:: Work instruction ::
Below are several records. Retype exactly those lines running from the one with "218575.073), (241235.157, 218695.073)], flags=0)" through the one with "(243845.162, 218325.073)], flags=0)", end lines included, and no others.

↓

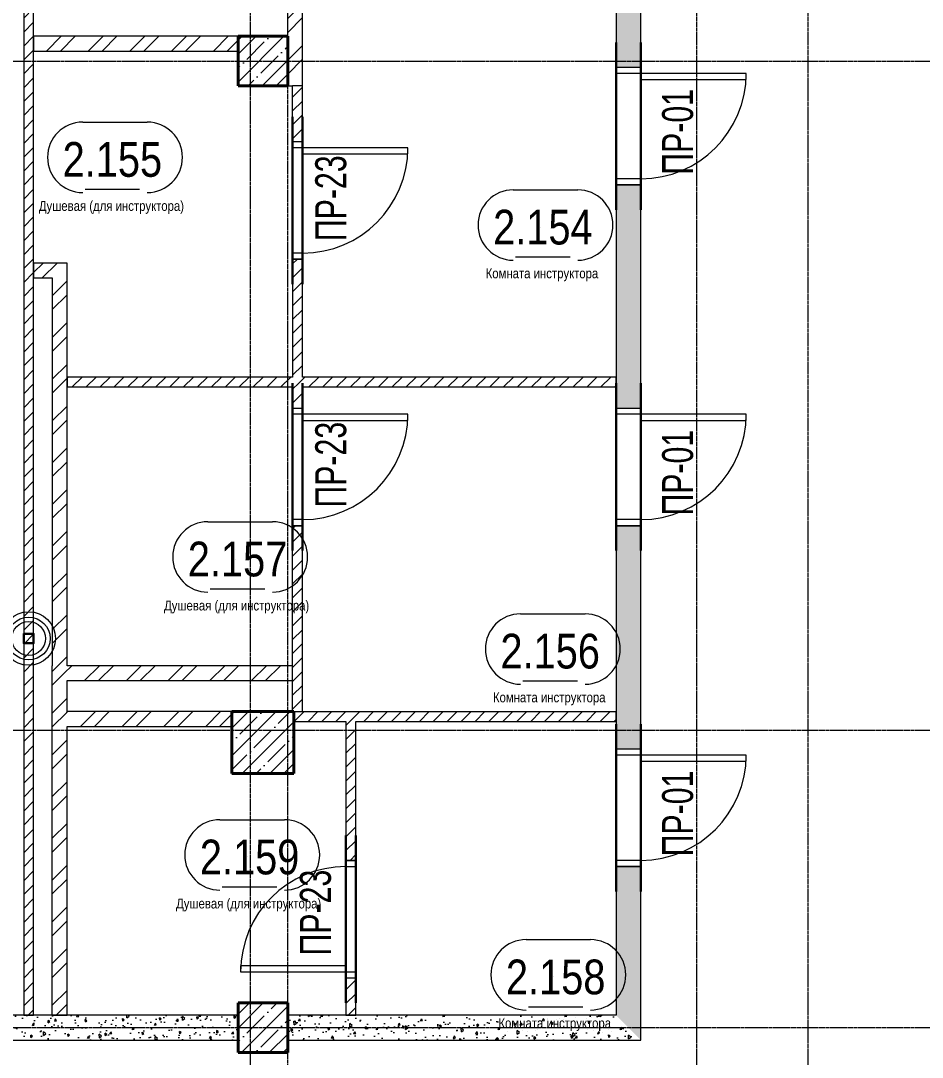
# Model space of a CAD drawing. Header units: millimetres. Extents: x -65509 to 912790, y 446 to 713294.
# Drawn here: x 239041 to 246315, y 215536 to 223900 of the extents above; entities that cross this region are included whole.
import ezdxf
from ezdxf.enums import TextEntityAlignment as Align

# ---------------------------------------------------------------- set-up
doc = ezdxf.new("R2010")
doc.units = ezdxf.units.MM
doc.linetypes.add('CENTER2', pattern=[28.575, 19.05, -3.175, 3.175, -3.175])
doc.linetypes.add('HIDDEN2', pattern=[4.7625, 3.175, -1.5875])
doc.layers.get('Defpoints').update_dxf_attribs({"color": 250})
for name, color, linetype, lineweight in [('АР_Area', 250, 'Continuous', 5), ('АР_Двери', 5, 'Continuous', 9), ('АР_Колонны', 250, 'Continuous', 30), ('АР_Стены ЖБ', 250, 'Continuous', 35), ('АР_Стены кирпич', 250, 'Continuous', 20), ('АР_Стены ПЕНОблок', 250, 'Continuous', 20), ('АР_Штриховка', 250, 'Continuous', 0), ('КМ_Фахверки', 250, 'Continuous', 25), ('РД_Оси_100', 250, 'Continuous', 0)]:
    doc.layers.add(name, color=color, linetype=linetype, lineweight=lineweight)
for name, color, linetype, lineweight, plot in [('АР_Делит', 250, 'Continuous', 0, False), ('РД_Проем', 250, 'Continuous', 0, False), ('РД_проем_инж перемыч_подсчет', 250, 'Continuous', 30, False)]:
    doc.layers.add(name, color=color, linetype=linetype, lineweight=lineweight, plot=plot)
doc.layers.add('РД_Перемычка инж проемов', color=250, linetype='Continuous')
doc.styles.add('Arial0', font='arial.ttf')
doc.styles.add('style1', font='ARIALN.TTF')
doc.styles.add('ккк', font='isocpeur.ttf', dxfattribs={"width": 0.85, "oblique": 15})
pattern_1 = [(45, (142195.16, 127275.07), (-56.1266, 56.1266), [])]
pattern_2 = [(45, (142195.16, 127275.07), (-168.3798, 168.3798), []), (45, (142307.4, 127275.07), (-168.3798, 168.3798), [])]
pattern_3 = [(45, (142195.16, 127275.07), (-168.3798, 168.3798), []), (45, (142307.4, 127275.07), (-168.3798, 168.3798), [])]
pattern_4 = [(45, (142195.16, 127275.07), (-112.2532, 112.2532), []), (45, (142307.41, 127275.07), (-112.2532, 112.2532), [198.4375, -39.6875, 0, -39.6875])]
pattern_5 = [(95, (142195.16, 127275.07), (140.09465, 117.55338), [19.05, -209.55]), (40, (142195.16, 127275.07), (-160.01845, 110.17673), [15.24, -167.64058]), (145.45144, (142206.83, 127284.87), (-19.9238, 227.7301), [16.19, -178.09024]), (91.1842, (142159.24, 127311), (221.41024, 161.9534), [28.575, -314.325]), (141.63556, (142177.7, 127324.5), (-7.0866, 342.82676), [24.285, -267.1356]), (36.18415, (142159.24, 127311), (-7.0866, 342.82676), [22.85997, -251.45973]), (66, (142186.18, 127319.97), (179.51998, 34.89515), [19.05, -209.55]), (11, (142186.18, 127319.97), (-86.53993, 173.9412), [15.24, -167.64]), (116.45145, (142201.14, 127322.88), (92.98005, 208.83634), [16.19, -178.08994]), (82.5, (142195.16, 127275.07), (-57.60547, 61.973414), [0, -165.608, 0, -170.18, 0, -168.275]), (52.5, (142195.16, 127275.07), (-23.58973, 118.087), [0, -97.028, 0, -161.798, 0, -64.135]), (12.5, (142155.105, 127235.02), (99.927863, 91.826196), [0, -63.5, 0, -198.12, 0, -262.89]), (2.5, (142137.14, 127217.06), (86.7639, 122.72239), [0, -82.55, 0, -131.572, 0, -186.69])]

# ---------------------------------------------------------------- blocks, each defined once
blk = doc.blocks.new('СОШ_2200_АР_ОСИ_М100_28.05.24')
at = {"layer": 'РД_Оси_100', "linetype": 'CENTER2'}
for p, q in [((102300, -6155), (102300, 139938.679)), ((-5954.958, 96300), (119910, 96300)), ((-5954.958, 90900), (119910, 90900)), ((-5954.958, 88500), (119910, 88500))]:
    blk.add_line(p, q, dxfattribs=at)
for points in [[(98700, -6194.98), (98700, 139538.679), (98550, 139938.679)], [(99000, -6195.83), (99000, 139538.679), (99150, 139938.679)], [(103200, -6155), (103200, 139938.679)]]:
    blk.add_lwpolyline(points, dxfattribs=at)
blk = doc.blocks.new('Ф_блок 80')
at = {"layer": 'АР_Делит', "color": 1}
for radius in [216.3, 173, 136.2]:
    blk.add_circle((40, -40), radius, dxfattribs=at)
at = {"layer": 'КМ_Фахверки'}
blk.add_lwpolyline([(0, 0), (80, 0), (80, -80), (0, -80)], close=True, dxfattribs=at)
at = {"layer": 'КМ_Фахверки', "lineweight": 5}
blk.add_lwpolyline([(6, -6), (74, -6), (74, -74), (6, -74)], close=True, dxfattribs=at)
blk = doc.blocks.new('MOK-МаркаПом_овал_ареал')
for p, q in [((-2.99, 3.76), (3.52, 3.76)), ((-2.75, -3), (2.75, -3))]:
    blk.add_line(p, q)
for centre, radius, start, end in [((-2.99, 0.21), 3.55, 90, 270), ((3.52, 0.21), 3.55, 270, 90), ((-7.41, 0), 7.16, 0, 0.001)]:
    blk.add_arc(centre, radius, start, end)
at = {"color": 0, "style": 'style1'}
blk.add_attdef('АР-ПОМЕЩЕНИЕ:НОМЕР', text='', height=3, dxfattribs=at).set_placement((0.26, 0), align=Align.MIDDLE)
blk = doc.blocks.new('MOK-МаркаПеремычки')
at = {"color": 0, "style": 'ккк', "oblique": 15, "width": 0.85}
blk.add_attdef('АР-ПРОЕМ:ПЕРЕМЫЧКА', text='', height=2.5, dxfattribs=at).set_placement((0, 0), align=Align.MIDDLE)

msp = doc.modelspace()

# ---------------------------------------------------------------- hatches: boundary and pattern name
at = {"layer": 'АР_Штриховка', "linetype": 'Continuous', "lineweight": 0, "ltscale": 0.5}
h = msp.add_hatch(dxfattribs=at)
h.set_pattern_fill('ANSI31', color=256, scale=25, angle=-360, style=0)
h.set_pattern_definition([(45, (142195.16, 127275.07), (-56.1266, 56.1266), [])])
h.paths.add_polyline_path([(239145.157, 227675.073), (239065.157, 227675.073), (239065.157, 215875.073), (239145.157, 215875.073)], flags=0)
at = {"layer": 'АР_Штриховка', "linetype": 'Continuous', "lineweight": 0}
h = msp.add_hatch(dxfattribs=at)
h.set_pattern_fill('AR-CONC', color=256, angle=45, style=0)
h.set_pattern_definition([(95, (142195.16, 127275.07), (140.09465, 117.55338), [19.05, -209.55]), (40, (142195.16, 127275.07), (-160.01845, 110.17673), [15.24, -167.64058]), (145.45144, (142206.83, 127284.87), (-19.9238, 227.7301), [16.19, -178.09024]), (91.1842, (142159.24, 127311), (221.41024, 161.9534), [28.575, -314.325]), (141.63556, (142177.7, 127324.5), (-7.0866, 342.82676), [24.285, -267.1356]), (36.18415, (142159.24, 127311), (-7.0866, 342.82676), [22.85997, -251.45973]), (66, (142186.18, 127319.97), (179.51998, 34.89515), [19.05, -209.55]), (11, (142186.18, 127319.97), (-86.53993, 173.9412), [15.24, -167.64]), (116.45145, (142201.14, 127322.88), (92.98005, 208.83634), [16.19, -178.08994]), (82.5, (142195.16, 127275.07), (-57.60547, 61.973414), [0, -165.608, 0, -170.18, 0, -168.275]), (52.5, (142195.16, 127275.07), (-23.58973, 118.087), [0, -97.028, 0, -161.798, 0, -64.135]), (12.5, (142155.105, 127235.02), (99.927863, 91.826196), [0, -63.5, 0, -198.12, 0, -262.89]), (2.5, (142137.14, 127217.06), (86.7639, 122.72239), [0, -82.55, 0, -131.572, 0, -186.69])])
h.paths.add_polyline_path([(243845.157, 215875.073), (244045.157, 215675.073), (244045.157, 217075.073), (243845.157, 217075.073)], flags=0)
h.paths.add_polyline_path([(243845.157, 218025.073), (244045.157, 218025.073), (244045.157, 219825.073), (243845.157, 219825.073)], flags=0)
h.paths.add_polyline_path([(243845.157, 220775.073), (244045.157, 220775.073), (244045.157, 222575.073), (243845.157, 222575.073)], flags=0)
h.paths.add_polyline_path([(243845.157, 223525.073), (244045.157, 223525.073), (244045.157, 225625.073), (243845.157, 225625.073)], flags=0)
h.paths.add_polyline_path([(243845.157, 226575.073), (244045.157, 226575.073), (244045.157, 227675.073), (243845.157, 227675.073)], flags=0)
h = msp.add_hatch(dxfattribs=at)
h.set_pattern_fill('ANSI32', color=256, scale=25, style=0)
h.set_pattern_definition([(45, (142195.16, 127275.07), (-168.3798, 168.3798), []), (45, (142307.4, 127275.07), (-168.3798, 168.3798), [])])
h.paths.add_polyline_path([(241195.157, 223375.073), (241235.157, 223375.073)], flags=0)
h.paths.add_polyline_path([(241195.157, 224024.987), (241195.157, 223375.073), (241315.157, 223375.073), (241315.157, 224144.987)], flags=0)
h = msp.add_hatch(dxfattribs=at)
h.set_pattern_fill('ANSI32', color=256, scale=25, style=0)
h.set_pattern_definition(pattern_3)
h.paths.add_polyline_path([(239145.157, 223775.073), (239145.157, 223655.073), (240795.157, 223655.073), (240795.157, 223775.073)], flags=0)
at = {"layer": 'АР_Штриховка', "linetype": 'Continuous', "lineweight": 5}
h = msp.add_hatch(dxfattribs=at)
h.set_pattern_fill('ANSI35', color=256, scale=25, style=0)
h.set_pattern_definition(pattern_4)
h.paths.add_polyline_path([(240795.157, 223375.073), (241195.157, 223375.073), (241195.157, 223775.073), (240795.157, 223775.073)], flags=0)
at = {"layer": 'АР_Штриховка', "linetype": 'Continuous', "lineweight": 0, "ltscale": 0.5}
h = msp.add_hatch(dxfattribs=at)
h.set_pattern_fill('ANSI31', color=256, scale=25, style=0)
h.set_pattern_definition([(45, (142195.16, 127275.07), (-56.1266, 56.1266), [])])
h.paths.add_polyline_path([(241235.157, 218325.073), (241315.157, 218325.073), (241315.157, 218695.073), (241235.157, 218695.073)], flags=0)
h.paths.add_polyline_path([(241235.157, 218695.073), (241315.157, 218695.073), (241315.157, 219825.073), (241235.157, 219825.073)], flags=0)
h.paths.add_polyline_path([(241235.157, 220775.073), (241315.157, 220775.073), (241315.157, 220945.073), (241275.157, 220985.073), (241235.157, 220945.073)], flags=0)
h.paths.add_polyline_path([(241235.157, 221025.073), (241275.157, 220985.073), (241315.157, 221025.073), (241315.157, 221975.073), (241235.157, 221975.073)], flags=0)
h.paths.add_polyline_path([(241235.157, 222925.073), (241315.157, 222925.073), (241315.157, 223375.073), (241235.157, 223375.073)], flags=0)
h.paths.add_polyline_path([(241235.157, 223375.073), (241315.157, 223375.073)], flags=0)
at = {"layer": 'АР_Штриховка', "linetype": 'Continuous', "lineweight": 0}
h = msp.add_hatch(dxfattribs=at)
h.set_pattern_fill('ANSI32', color=256, scale=25, style=0)
h.set_pattern_definition([(45, (142195.16, 127275.07), (-168.3798, 168.3798), []), (45, (142307.4, 127275.07), (-168.3798, 168.3798), [])])
h.paths.add_polyline_path([(239295.157, 221825.073), (239415.157, 221945.073), (239145.157, 221945.073), (239145.157, 221825.073)], flags=0)
h = msp.add_hatch(dxfattribs=at)
h.set_pattern_fill('ANSI32', color=256, scale=25, angle=-360, style=0)
h.set_pattern_definition(pattern_2)
h.paths.add_polyline_path([(239415.157, 221945.073), (239295.157, 221825.073), (239295.157, 218695.073), (239385.157, 218655.073), (239415.157, 218695.073)], flags=0)
at = {"layer": 'АР_Штриховка', "linetype": 'Continuous', "lineweight": 0, "ltscale": 0.5}
h = msp.add_hatch(dxfattribs=at)
h.set_pattern_fill('ANSI31', color=256, scale=25, style=0)
h.set_pattern_definition(pattern_1)
h.paths.add_polyline_path([(239415.157, 221025.073), (239415.157, 220945.073), (241235.157, 220945.073), (241275.157, 220985.073), (241235.157, 221025.073)], flags=0)
h.paths.add_polyline_path([(241315.157, 221025.073), (241275.157, 220985.073), (241315.157, 220945.073), (243845.157, 220945.073), (243845.157, 221025.073)], flags=0)
at = {"layer": 'АР_Штриховка', "linetype": 'Continuous', "lineweight": 0}
h = msp.add_hatch(dxfattribs=at)
h.set_pattern_fill('ANSI32', color=256, scale=25, angle=-360, style=0)
h.set_pattern_definition(pattern_2)
h.paths.add_polyline_path([(239415.157, 218575.073), (239385.157, 218655.073), (239295.157, 218695.073), (239295.157, 218205.073), (239385.157, 218245.073), (239415.157, 218325.073)], flags=0)
h.paths.add_polyline_path([(239415.157, 218205.073), (239385.157, 218245.073), (239295.157, 218205.073), (239295.157, 215875.073), (239415.157, 215875.073)], flags=0)
h = msp.add_hatch(dxfattribs=at)
h.set_pattern_fill('ANSI32', color=256, scale=25, style=0)
h.set_pattern_definition([(45, (142195.16, 127275.07), (-168.3798, 168.3798), []), (45, (142307.4, 127275.07), (-168.3798, 168.3798), [])])
h.paths.add_polyline_path([(239415.157, 218695.073), (239385.157, 218655.073), (239415.157, 218575.073), (241235.157, 218575.073), (241235.157, 218695.073)], flags=0)
h = msp.add_hatch(dxfattribs=at)
h.set_pattern_fill('ANSI32', color=256, scale=25, style=0)
h.set_pattern_definition(pattern_3)
h.paths.add_polyline_path([(239415.157, 218325.073), (239385.157, 218245.073), (239415.157, 218205.073), (240742.945, 218205.073), (240742.945, 218325.073)], flags=0)
at = {"layer": 'АР_Штриховка', "linetype": 'Continuous', "lineweight": 5}
h = msp.add_hatch(dxfattribs=at)
h.set_pattern_fill('ANSI35', color=256, scale=25, style=0)
h.set_pattern_definition(pattern_4)
h.paths.add_polyline_path([(240745.157, 217825.073), (241245.157, 217825.073), (241245.157, 218325.073), (240745.157, 218325.073)], flags=0)
at = {"layer": 'АР_Штриховка', "linetype": 'Continuous', "lineweight": 0, "ltscale": 0.5}
h = msp.add_hatch(dxfattribs=at)
h.set_pattern_fill('ANSI31', color=256, scale=25, style=0)
h.set_pattern_definition(pattern_1)
h.paths.add_polyline_path([(241245.157, 218325.073), (241245.157, 218245.073), (241665.157, 218245.073), (241718.491, 218265.073), (241745.157, 218325.073)], flags=0)
h.paths.add_polyline_path([(241745.157, 218325.073), (241718.491, 218265.073), (241745.157, 218245.073), (243845.162, 218245.073), (243845.162, 218325.073)], flags=0)
h = msp.add_hatch(dxfattribs=at)
h.set_pattern_fill('ANSI31', color=256, scale=25, style=0)
h.set_pattern_definition([(45, (142195.16, 127275.07), (-56.1266, 56.1266), [])])
h.paths.add_polyline_path([(241665.157, 215875.073), (241745.157, 215875.073), (241745.157, 216175.073), (241665.157, 216175.073)], flags=0)
h.paths.add_polyline_path([(241665.157, 217125.073), (241745.157, 217125.073), (241745.157, 218245.073), (241718.491, 218265.073), (241665.157, 218245.073)], flags=0)
at = {"layer": 'АР_Штриховка', "linetype": 'Continuous', "lineweight": 5}
h = msp.add_hatch(dxfattribs=at)
h.set_pattern_fill('ANSI35', color=256, scale=25, style=0)
h.set_pattern_definition(pattern_4)
h.paths.add_polyline_path([(240795.157, 215575.073), (241195.157, 215575.073), (241195.157, 215975.073), (240795.157, 215975.073)], flags=0)
at = {"layer": 'АР_Штриховка', "linetype": 'Continuous', "lineweight": 0}
h = msp.add_hatch(dxfattribs=at)
h.set_pattern_fill('AR-CONC', color=256, angle=45, style=0)
h.set_pattern_definition(pattern_5)
h.paths.add_polyline_path([(236795.157, 215875.073), (236795.157, 215675.073), (240795.157, 215675.073), (240795.157, 215875.073)], flags=0)
h = msp.add_hatch(dxfattribs=at)
h.set_pattern_fill('AR-CONC', color=256, angle=45, style=0)
h.set_pattern_definition(pattern_5)
h.paths.add_polyline_path([(241195.157, 215875.073), (241195.157, 215675.073), (244045.157, 215675.073), (243845.157, 215875.073)], flags=0)

# ---------------------------------------------------------------- linework, layer by layer
at = {"layer": 'АР_Двери', "linetype": 'Continuous', "lineweight": 9}
for points in [[(243845.157, 223475.073), (243845.157, 223525.073), (244045.157, 223525.073), (244045.157, 223475.073)], [(244045.157, 223475.073), (244045.157, 223425.073), (244895.157, 223425.073), (244895.157, 223475.073)], [(241235.157, 222875.073), (241235.157, 222925.073), (241315.157, 222925.073), (241315.157, 222875.073)], [(241315.157, 222875.073), (241315.157, 222825.073), (242165.157, 222825.073), (242165.157, 222875.073)], [(243845.157, 222625.073), (243845.157, 222575.073), (244045.157, 222575.073), (244045.157, 222625.073)], [(241235.157, 222025.073), (241235.157, 221975.073), (241315.157, 221975.073), (241315.157, 222025.073)], [(241235.157, 220725.073), (241235.157, 220775.073), (241315.157, 220775.073), (241315.157, 220725.073)], [(241315.157, 220725.073), (241315.157, 220675.073), (242165.157, 220675.073), (242165.157, 220725.073)], [(243845.157, 220725.073), (243845.157, 220775.073), (244045.157, 220775.073), (244045.157, 220725.073)], [(244045.157, 220725.073), (244045.157, 220675.073), (244895.157, 220675.073), (244895.157, 220725.073)], [(241235.157, 219875.073), (241235.157, 219825.073), (241315.157, 219825.073), (241315.157, 219875.073)], [(243845.157, 219875.073), (243845.157, 219825.073), (244045.157, 219825.073), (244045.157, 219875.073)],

↑

:: Solution ::
h.paths.add_polyline_path([(239415.157, 218695.073), (239385.157, 218655.073), (239415.157, 218575.073), (241235.157, 218575.073), (241235.157, 218695.073)], flags=0)
h = msp.add_hatch(dxfattribs=at)
h.set_pattern_fill('ANSI32', color=256, scale=25, style=0)
h.set_pattern_definition(pattern_3)
h.paths.add_polyline_path([(239415.157, 218325.073), (239385.157, 218245.073), (239415.157, 218205.073), (240742.945, 218205.073), (240742.945, 218325.073)], flags=0)
at = {"layer": 'АР_Штриховка', "linetype": 'Continuous', "lineweight": 5}
h = msp.add_hatch(dxfattribs=at)
h.set_pattern_fill('ANSI35', color=256, scale=25, style=0)
h.set_pattern_definition(pattern_4)
h.paths.add_polyline_path([(240745.157, 217825.073), (241245.157, 217825.073), (241245.157, 218325.073), (240745.157, 218325.073)], flags=0)
at = {"layer": 'АР_Штриховка', "linetype": 'Continuous', "lineweight": 0, "ltscale": 0.5}
h = msp.add_hatch(dxfattribs=at)
h.set_pattern_fill('ANSI31', color=256, scale=25, style=0)
h.set_pattern_definition(pattern_1)
h.paths.add_polyline_path([(241245.157, 218325.073), (241245.157, 218245.073), (241665.157, 218245.073), (241718.491, 218265.073), (241745.157, 218325.073)], flags=0)
h.paths.add_polyline_path([(241745.157, 218325.073), (241718.491, 218265.073), (241745.157, 218245.073), (243845.162, 218245.073), (243845.162, 218325.073)], flags=0)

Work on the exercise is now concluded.